TASK —
Keep the images out while you retype all of the data exactly.
___ DATASET RECORDS
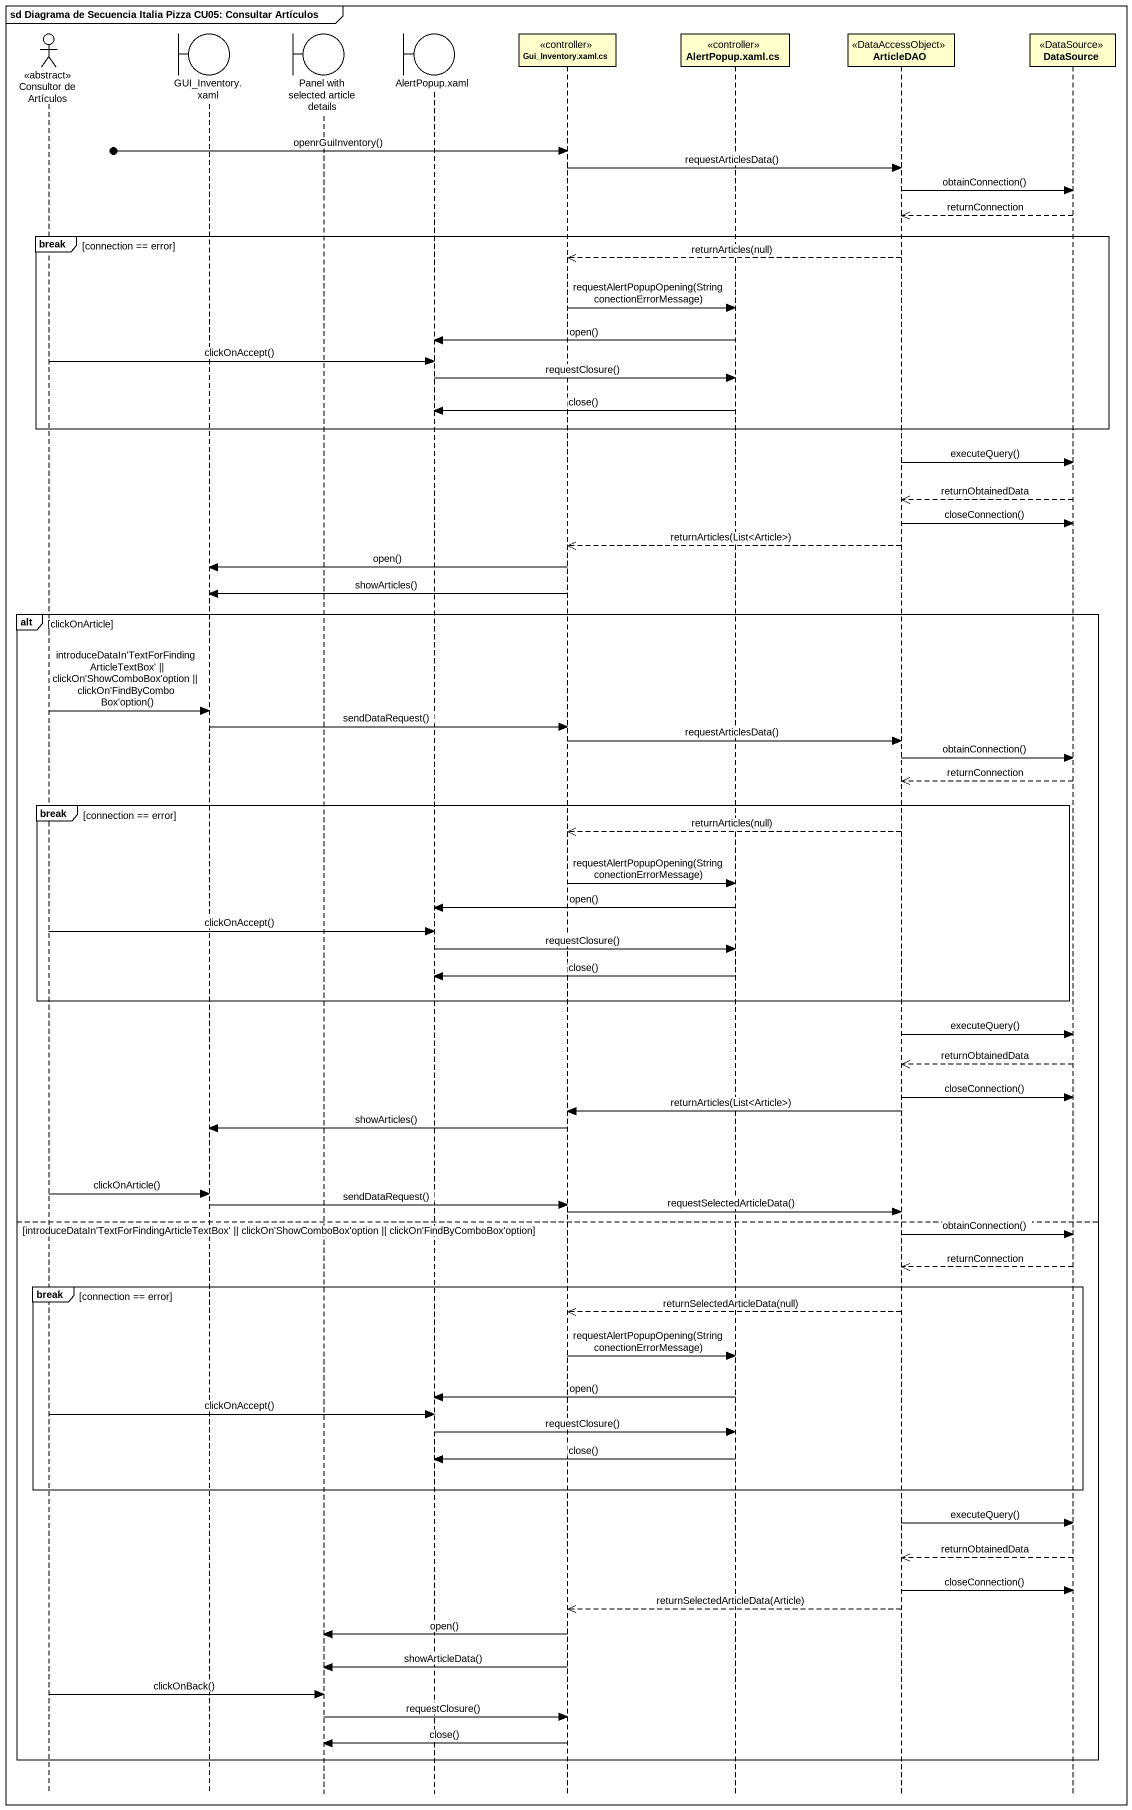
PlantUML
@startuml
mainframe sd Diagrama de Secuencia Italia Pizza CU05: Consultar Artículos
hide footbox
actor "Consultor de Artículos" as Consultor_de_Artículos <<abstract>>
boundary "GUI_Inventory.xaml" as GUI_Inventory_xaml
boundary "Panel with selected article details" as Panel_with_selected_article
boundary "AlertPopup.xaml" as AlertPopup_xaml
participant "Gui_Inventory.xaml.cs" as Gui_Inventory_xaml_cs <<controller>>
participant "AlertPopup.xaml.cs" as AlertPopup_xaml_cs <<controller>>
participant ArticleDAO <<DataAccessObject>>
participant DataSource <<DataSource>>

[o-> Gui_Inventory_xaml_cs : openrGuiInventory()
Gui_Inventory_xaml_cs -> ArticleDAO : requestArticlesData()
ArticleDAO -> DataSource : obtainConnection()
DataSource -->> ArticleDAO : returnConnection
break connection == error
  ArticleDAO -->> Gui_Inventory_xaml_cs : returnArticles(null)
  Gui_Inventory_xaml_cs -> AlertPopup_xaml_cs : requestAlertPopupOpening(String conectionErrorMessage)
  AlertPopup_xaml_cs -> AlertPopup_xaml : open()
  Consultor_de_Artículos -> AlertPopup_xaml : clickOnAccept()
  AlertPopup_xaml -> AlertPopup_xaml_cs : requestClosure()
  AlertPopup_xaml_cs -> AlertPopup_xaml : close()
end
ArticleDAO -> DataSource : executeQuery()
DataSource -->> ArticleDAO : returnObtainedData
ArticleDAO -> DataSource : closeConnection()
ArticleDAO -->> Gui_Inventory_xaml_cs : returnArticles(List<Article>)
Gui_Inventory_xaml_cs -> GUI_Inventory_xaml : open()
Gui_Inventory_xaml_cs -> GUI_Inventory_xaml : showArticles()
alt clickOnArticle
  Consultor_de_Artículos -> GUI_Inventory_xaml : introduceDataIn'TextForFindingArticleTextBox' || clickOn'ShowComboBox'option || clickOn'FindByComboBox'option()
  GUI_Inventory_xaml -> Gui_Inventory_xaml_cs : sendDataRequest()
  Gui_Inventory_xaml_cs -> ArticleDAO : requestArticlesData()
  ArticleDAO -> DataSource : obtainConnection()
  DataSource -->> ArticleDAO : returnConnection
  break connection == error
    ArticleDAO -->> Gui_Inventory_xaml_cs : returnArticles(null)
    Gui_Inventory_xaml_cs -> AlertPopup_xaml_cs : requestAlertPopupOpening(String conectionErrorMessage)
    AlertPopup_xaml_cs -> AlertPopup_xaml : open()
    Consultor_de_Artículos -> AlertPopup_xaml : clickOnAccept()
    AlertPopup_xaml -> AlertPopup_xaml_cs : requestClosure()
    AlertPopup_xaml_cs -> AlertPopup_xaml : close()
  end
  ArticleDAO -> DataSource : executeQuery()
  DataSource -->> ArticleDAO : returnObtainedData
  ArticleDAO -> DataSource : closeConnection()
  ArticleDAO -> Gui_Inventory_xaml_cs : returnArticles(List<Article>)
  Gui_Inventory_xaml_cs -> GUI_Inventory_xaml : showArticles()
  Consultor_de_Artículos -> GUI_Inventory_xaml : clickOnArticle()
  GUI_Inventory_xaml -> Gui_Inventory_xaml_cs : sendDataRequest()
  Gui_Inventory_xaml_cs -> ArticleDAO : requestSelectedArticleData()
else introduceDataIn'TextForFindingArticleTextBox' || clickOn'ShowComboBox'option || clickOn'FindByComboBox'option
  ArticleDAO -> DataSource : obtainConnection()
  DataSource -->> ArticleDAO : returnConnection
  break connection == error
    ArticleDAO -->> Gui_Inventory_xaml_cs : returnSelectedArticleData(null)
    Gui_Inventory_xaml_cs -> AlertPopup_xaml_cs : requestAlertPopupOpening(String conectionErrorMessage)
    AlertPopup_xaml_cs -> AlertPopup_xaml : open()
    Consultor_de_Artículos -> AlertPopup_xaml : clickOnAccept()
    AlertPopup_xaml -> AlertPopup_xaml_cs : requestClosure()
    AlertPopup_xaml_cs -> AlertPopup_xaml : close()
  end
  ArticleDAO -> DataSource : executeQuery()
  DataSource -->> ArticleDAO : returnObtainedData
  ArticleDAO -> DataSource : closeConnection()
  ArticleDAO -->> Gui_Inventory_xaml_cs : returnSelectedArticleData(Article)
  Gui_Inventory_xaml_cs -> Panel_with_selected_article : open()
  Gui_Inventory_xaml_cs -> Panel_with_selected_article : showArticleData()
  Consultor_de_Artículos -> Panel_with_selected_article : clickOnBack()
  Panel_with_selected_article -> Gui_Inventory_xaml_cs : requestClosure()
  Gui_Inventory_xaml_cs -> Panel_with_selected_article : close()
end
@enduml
______
WRITTEN REPLY —
PlantUML
@startuml
mainframe sd Diagrama de Secuencia Italia Pizza CU05: Consultar Artículos
hide footbox
actor "Consultor de Artículos" as Consultor_de_Artículos <<abstract>>
boundary "GUI_Inventory.xaml" as GUI_Inventory_xaml
boundary "Panel with selected article details" as Panel_with_selected_article
boundary "AlertPopup.xaml" as AlertPopup_xaml
participant "Gui_Inventory.xaml.cs" as Gui_Inventory_xaml_cs <<controller>>
participant "AlertPopup.xaml.cs" as AlertPopup_xaml_cs <<controller>>
participant ArticleDAO <<DataAccessObject>>
participant DataSource <<DataSource>>

[o-> Gui_Inventory_xaml_cs : openrGuiInventory()
Gui_Inventory_xaml_cs -> ArticleDAO : requestArticlesData()
ArticleDAO -> DataSource : obtainConnection()
DataSource -->> ArticleDAO : returnConnection
break connection == error
  ArticleDAO -->> Gui_Inventory_xaml_cs : returnArticles(null)
  Gui_Inventory_xaml_cs -> AlertPopup_xaml_cs : requestAlertPopupOpening(String conectionErrorMessage)
  AlertPopup_xaml_cs -> AlertPopup_xaml : open()
  Consultor_de_Artículos -> AlertPopup_xaml : clickOnAccept()
  AlertPopup_xaml -> AlertPopup_xaml_cs : requestClosure()
  AlertPopup_xaml_cs -> AlertPopup_xaml : close()
end
ArticleDAO -> DataSource : executeQuery()
DataSource -->> ArticleDAO : returnObtainedData
ArticleDAO -> DataSource : closeConnection()
ArticleDAO -->> Gui_Inventory_xaml_cs : returnArticles(List<Article>)
Gui_Inventory_xaml_cs -> GUI_Inventory_xaml : open()
Gui_Inventory_xaml_cs -> GUI_Inventory_xaml : showArticles()
alt clickOnArticle
  Consultor_de_Artículos -> GUI_Inventory_xaml : introduceDataIn'TextForFindingArticleTextBox' || clickOn'ShowComboBox'option || clickOn'FindByComboBox'option()
  GUI_Inventory_xaml -> Gui_Inventory_xaml_cs : sendDataRequest()
  Gui_Inventory_xaml_cs -> ArticleDAO : requestArticlesData()
  ArticleDAO -> DataSource : obtainConnection()
  DataSource -->> ArticleDAO : returnConnection
  break connection == error
    ArticleDAO -->> Gui_Inventory_xaml_cs : returnArticles(null)
    Gui_Inventory_xaml_cs -> AlertPopup_xaml_cs : requestAlertPopupOpening(String conectionErrorMessage)
    AlertPopup_xaml_cs -> AlertPopup_xaml : open()
    Consultor_de_Artículos -> AlertPopup_xaml : clickOnAccept()
    AlertPopup_xaml -> AlertPopup_xaml_cs : requestClosure()
    AlertPopup_xaml_cs -> AlertPopup_xaml : close()
  end
  ArticleDAO -> DataSource : executeQuery()
  DataSource -->> ArticleDAO : returnObtainedData
  ArticleDAO -> DataSource : closeConnection()
  ArticleDAO -> Gui_Inventory_xaml_cs : returnArticles(List<Article>)
  Gui_Inventory_xaml_cs -> GUI_Inventory_xaml : showArticles()
  Consultor_de_Artículos -> GUI_Inventory_xaml : clickOnArticle()
  GUI_Inventory_xaml -> Gui_Inventory_xaml_cs : sendDataRequest()
  Gui_Inventory_xaml_cs -> ArticleDAO : requestSelectedArticleData()
else introduceDataIn'TextForFindingArticleTextBox' || clickOn'ShowComboBox'option || clickOn'FindByComboBox'option
  ArticleDAO -> DataSource : obtainConnection()
  DataSource -->> ArticleDAO : returnConnection
  break connection == error
    ArticleDAO -->> Gui_Inventory_xaml_cs : returnSelectedArticleData(null)
    Gui_Inventory_xaml_cs -> AlertPopup_xaml_cs : requestAlertPopupOpening(String conectionErrorMessage)
    AlertPopup_xaml_cs -> AlertPopup_xaml : open()
    Consultor_de_Artículos -> AlertPopup_xaml : clickOnAccept()
    AlertPopup_xaml -> AlertPopup_xaml_cs : requestClosure()
    AlertPopup_xaml_cs -> AlertPopup_xaml : close()
  end
  ArticleDAO -> DataSource : executeQuery()
  DataSource -->> ArticleDAO : returnObtainedData
  ArticleDAO -> DataSource : closeConnection()
  ArticleDAO -->> Gui_Inventory_xaml_cs : returnSelectedArticleData(Article)
  Gui_Inventory_xaml_cs -> Panel_with_selected_article : open()
  Gui_Inventory_xaml_cs -> Panel_with_selected_article : showArticleData()
  Consultor_de_Artículos -> Panel_with_selected_article : clickOnBack()
  Panel_with_selected_article -> Gui_Inventory_xaml_cs : requestClosure()
  Gui_Inventory_xaml_cs -> Panel_with_selected_article : close()
end
@enduml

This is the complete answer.